17/11/2023

Dev blog: The difficulty of working with many data sources

Development blog / Smári

Recently we’ve seen a lot of seismic activity in and around Grindavík, Iceland. Ecosophy’s offices are about 40km away, and while we’re not directly affected, we are obviously deeply aware of the events unfolding nearby and eager to see how we might be able to help in communicating available information. The situation is dire: Grindavík has been evacuated, parts of the town have sunk by over a meter, while other areas have lifted up. A magma channel is running through the town and is estimated as being around 15km long. There’s a possibility that things will settle down, but there’s also a chance of a volcanic eruption centered anywhere along the channel, potentially endangering the town. We hope for the best, but we also need to prepare for the worst.

There are several types of Earth Observation Data that are relevant in this kind of situation.

Earthquake data based on triangulation of data from seismographs is the most obvious type. This kind of data is available from a variety of sources, mostly national meteorological or geological offices. The data comes in a ridiculous variety of formats, with a wide range of different details, making the act of combining data from different sources a maddening task. For some reason there doesn’t seem to be any global earthquake data firehose available.

Less obvious but highly relevant is topographic interferometry data. This data is collected by satellites in Earth orbit that have a Synthetic Aperture Radar (SAR) pointed at the ground. There are numerous satellites that provide this kind of data, such as the European Space Agency’s Sentinel-1 mission, the German TerraSAR-X, the Finnish ICEye satellites, and JAXA’s ALOS-2. In each case, they will do scans of swaths of land as they orbit, typically between 3 to 100 km wide, and with resolutions down to 1 meter per pixel. The scans are in the form of radar signals, which are reflected from the ground, and based on the polarity and direction of the reflected beam, the satellite can determine the ground height. If you compare data from successive passes, you can see if the ground height has changed. This can indicate underground magma movement.

The satellites of course can only do swaths underneath their orbital path. For example, the Sentinel-1 satellites orbit at around 693km altitude, in a sun synchronous orbit, so that they’re always over any particular point on Earth’s surface at the same local solar time on each orbit. It takes them about 99 minutes to complete one orbit, so they make just under 15 passes of the Earth each day. Because this data comes in these swaths, where there’s a lot of preprocessing that needs to be done before the data can be used effectively. This includes calibration adjustments, noise cleanup, and various other steps to make the data uniform.

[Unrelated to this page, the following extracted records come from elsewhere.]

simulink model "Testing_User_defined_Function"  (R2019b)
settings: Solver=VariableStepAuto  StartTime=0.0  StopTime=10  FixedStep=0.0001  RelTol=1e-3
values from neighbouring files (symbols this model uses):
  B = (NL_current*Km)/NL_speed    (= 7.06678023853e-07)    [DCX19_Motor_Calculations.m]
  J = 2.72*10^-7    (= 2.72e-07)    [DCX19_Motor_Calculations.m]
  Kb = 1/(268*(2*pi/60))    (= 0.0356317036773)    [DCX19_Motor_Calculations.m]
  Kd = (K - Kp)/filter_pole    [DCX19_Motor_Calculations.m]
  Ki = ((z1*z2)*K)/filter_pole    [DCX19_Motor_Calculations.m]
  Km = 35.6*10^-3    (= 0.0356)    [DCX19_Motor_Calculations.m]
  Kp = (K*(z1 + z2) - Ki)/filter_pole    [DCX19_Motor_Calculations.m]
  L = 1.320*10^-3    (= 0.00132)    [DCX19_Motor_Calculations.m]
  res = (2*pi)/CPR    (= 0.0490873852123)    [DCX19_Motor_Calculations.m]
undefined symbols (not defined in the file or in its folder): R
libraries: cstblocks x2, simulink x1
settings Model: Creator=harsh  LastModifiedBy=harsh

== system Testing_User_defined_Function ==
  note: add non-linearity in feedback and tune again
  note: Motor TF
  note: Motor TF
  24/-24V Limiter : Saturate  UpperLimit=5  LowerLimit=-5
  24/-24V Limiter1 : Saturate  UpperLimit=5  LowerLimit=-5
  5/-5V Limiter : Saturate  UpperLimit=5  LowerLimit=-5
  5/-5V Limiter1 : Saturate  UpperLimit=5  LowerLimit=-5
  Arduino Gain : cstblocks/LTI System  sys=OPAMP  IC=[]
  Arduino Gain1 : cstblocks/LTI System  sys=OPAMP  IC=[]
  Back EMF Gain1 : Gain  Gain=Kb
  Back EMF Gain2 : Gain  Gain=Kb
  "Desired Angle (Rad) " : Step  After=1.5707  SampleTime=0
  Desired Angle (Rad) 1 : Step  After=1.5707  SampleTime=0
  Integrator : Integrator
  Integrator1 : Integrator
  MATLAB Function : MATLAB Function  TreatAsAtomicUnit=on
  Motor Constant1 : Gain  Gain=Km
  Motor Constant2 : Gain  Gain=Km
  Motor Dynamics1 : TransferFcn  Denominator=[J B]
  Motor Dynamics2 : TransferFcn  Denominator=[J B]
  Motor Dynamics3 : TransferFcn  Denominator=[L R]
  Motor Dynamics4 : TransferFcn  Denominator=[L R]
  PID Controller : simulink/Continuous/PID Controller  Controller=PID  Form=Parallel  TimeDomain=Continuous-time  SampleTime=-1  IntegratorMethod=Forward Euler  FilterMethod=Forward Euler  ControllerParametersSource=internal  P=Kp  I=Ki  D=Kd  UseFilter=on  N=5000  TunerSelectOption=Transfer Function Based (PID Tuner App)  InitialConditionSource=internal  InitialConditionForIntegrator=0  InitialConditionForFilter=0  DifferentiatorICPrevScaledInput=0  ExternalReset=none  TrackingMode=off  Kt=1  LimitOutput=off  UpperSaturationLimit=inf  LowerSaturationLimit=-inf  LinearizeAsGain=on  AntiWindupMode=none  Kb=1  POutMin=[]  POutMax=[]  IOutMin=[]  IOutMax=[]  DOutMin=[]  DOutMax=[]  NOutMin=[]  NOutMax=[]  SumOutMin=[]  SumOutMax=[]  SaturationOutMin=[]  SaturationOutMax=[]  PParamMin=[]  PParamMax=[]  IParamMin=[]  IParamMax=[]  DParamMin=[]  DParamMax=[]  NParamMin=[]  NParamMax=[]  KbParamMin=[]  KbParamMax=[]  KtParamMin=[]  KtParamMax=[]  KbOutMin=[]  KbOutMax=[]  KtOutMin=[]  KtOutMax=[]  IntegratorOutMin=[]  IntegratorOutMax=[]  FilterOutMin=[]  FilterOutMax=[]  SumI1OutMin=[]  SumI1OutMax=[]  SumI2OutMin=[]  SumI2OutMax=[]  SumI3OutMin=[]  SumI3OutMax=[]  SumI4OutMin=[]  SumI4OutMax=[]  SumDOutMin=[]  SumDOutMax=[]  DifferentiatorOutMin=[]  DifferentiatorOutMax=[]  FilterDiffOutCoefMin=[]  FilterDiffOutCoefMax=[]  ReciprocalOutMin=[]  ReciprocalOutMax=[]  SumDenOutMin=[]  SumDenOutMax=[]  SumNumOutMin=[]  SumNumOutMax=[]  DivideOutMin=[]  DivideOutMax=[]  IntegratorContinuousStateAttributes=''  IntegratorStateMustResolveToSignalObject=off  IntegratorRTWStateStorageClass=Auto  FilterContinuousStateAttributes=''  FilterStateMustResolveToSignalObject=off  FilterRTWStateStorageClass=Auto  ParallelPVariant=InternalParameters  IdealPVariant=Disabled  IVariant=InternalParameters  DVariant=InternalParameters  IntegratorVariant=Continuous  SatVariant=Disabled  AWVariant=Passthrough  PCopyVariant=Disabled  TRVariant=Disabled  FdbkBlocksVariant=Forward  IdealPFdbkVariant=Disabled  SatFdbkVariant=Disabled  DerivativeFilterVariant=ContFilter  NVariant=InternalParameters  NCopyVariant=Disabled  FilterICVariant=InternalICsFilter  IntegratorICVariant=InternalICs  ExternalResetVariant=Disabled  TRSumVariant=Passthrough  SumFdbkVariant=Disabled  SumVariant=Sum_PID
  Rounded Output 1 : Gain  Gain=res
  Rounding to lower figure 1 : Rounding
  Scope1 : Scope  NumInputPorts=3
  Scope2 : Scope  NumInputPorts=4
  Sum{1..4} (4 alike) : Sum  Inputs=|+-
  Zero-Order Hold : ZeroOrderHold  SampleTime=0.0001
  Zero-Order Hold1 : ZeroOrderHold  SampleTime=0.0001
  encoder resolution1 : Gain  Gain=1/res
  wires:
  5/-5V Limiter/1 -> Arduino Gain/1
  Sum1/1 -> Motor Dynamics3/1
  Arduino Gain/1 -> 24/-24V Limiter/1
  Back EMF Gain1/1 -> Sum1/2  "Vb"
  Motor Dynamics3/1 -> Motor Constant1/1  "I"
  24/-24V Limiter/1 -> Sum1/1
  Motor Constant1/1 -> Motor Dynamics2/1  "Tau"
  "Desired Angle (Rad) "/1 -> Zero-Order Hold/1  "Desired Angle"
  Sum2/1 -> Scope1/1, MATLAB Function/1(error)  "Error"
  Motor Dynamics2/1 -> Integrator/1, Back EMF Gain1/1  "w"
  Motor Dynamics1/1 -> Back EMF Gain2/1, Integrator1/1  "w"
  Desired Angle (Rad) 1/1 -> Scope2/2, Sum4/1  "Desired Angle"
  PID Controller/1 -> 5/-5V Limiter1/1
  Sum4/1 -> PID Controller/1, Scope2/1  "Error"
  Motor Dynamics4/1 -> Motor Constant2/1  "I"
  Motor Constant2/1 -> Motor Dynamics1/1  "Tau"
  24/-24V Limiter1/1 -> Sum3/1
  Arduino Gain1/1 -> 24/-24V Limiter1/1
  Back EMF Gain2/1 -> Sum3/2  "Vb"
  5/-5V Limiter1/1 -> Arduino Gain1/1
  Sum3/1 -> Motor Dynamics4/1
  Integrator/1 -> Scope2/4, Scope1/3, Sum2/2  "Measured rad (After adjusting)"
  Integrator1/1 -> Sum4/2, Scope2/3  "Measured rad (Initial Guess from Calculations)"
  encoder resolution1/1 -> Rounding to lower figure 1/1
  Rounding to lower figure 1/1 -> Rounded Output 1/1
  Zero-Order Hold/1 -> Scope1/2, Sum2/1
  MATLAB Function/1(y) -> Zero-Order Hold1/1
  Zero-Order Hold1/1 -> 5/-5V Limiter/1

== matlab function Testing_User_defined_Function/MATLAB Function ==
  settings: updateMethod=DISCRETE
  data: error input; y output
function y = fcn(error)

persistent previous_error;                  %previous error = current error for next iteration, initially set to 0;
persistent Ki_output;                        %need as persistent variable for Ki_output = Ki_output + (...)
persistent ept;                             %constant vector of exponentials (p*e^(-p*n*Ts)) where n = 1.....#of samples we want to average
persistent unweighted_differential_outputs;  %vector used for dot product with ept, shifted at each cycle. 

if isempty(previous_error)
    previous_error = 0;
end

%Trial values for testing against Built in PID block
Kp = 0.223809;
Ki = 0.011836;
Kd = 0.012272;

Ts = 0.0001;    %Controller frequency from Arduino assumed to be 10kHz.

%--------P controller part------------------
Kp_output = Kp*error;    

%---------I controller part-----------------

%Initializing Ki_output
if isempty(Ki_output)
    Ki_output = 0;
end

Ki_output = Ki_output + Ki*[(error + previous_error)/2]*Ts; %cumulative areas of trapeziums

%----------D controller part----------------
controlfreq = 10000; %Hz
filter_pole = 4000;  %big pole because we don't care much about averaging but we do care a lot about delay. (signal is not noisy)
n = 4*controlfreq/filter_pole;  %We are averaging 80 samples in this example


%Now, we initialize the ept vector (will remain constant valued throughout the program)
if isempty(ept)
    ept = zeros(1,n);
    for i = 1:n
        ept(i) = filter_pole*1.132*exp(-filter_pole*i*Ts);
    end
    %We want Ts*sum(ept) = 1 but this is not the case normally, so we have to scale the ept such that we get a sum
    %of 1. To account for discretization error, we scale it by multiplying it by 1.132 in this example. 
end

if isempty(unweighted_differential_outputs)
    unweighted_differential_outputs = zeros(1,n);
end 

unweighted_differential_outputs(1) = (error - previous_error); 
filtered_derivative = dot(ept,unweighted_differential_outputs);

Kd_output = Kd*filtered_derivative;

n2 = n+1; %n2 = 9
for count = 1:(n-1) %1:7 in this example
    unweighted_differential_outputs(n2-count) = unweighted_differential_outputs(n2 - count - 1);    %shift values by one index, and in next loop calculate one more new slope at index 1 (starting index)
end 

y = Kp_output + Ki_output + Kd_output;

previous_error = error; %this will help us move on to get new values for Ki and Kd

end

Now, much like with the earthquake data, there is a staggering range of different formats used for this data, with very different levels of complexity. Most of them seem to be based around a very arbitrary set of design decisions that, frankly, make very little sense. But worse still is the fact that the data is difficult to get at. Obtaining Sentinel-1 data requires diving through pages upon pages of documentation with links pointing back and forth between different versions of the documentation. When at last you get to the bottom of that rabbit hole, you’re faced with numerous different APIs providing slightly different views on the data. Most of the time, instead of querying data based on the area of land you’re interested in, you do it based on the relative orbit number of the satellite. Because, as everybody knows, that is the way most people will think about things.

Obtaining ALOS-2 data is significantly easier, as using JAXA’s G-Portal only requires registering and getting easy access to their system. They even have much of their data generally available through an FTP server ─ deliciously oldschool. Serious kudos to the Japanese for making this easy. However, the data they have available is quite limited, and doesn’t cover Iceland recently.

There is a perspective the data represented here is significantly large and complex. But in reality, it’s only a few thousand entries for any given month per satellite instrument. Keeping things well organized and easily accessible shouldn’t be an insurmountable task, and the fact that it’s really difficult is an impediment to more common usage of this data. I’m sure that even experts who use this data on a regular basis should be able to agree that the current methods aren’t exactly elegant.

At any rate, it turns out that the way to obtain this kind of data is to know the right people in the right organizations, and ideally have a reasonably big budget for acquiring the data from the commercial vendors. Having done so, you can then deal with the weird projections and data normalization issues and maybe, just maybe, end up with something usable.

There are of course various other types of data that would be helpful. Atmospheric SO2 measurements, soil temperature, and so on. Some of this data is available, but generally not in sufficient fidelity to be useful. Either way, at this point, we’d settle for a reliable stream of earthquake data.

For now, it looks like we’re going to have to hold off on getting proper SAR-data feeds, but this is something we’d like to revisit in the future when we have more time to do a deep dive into the jungle of APIs and data formats available for InSAR data.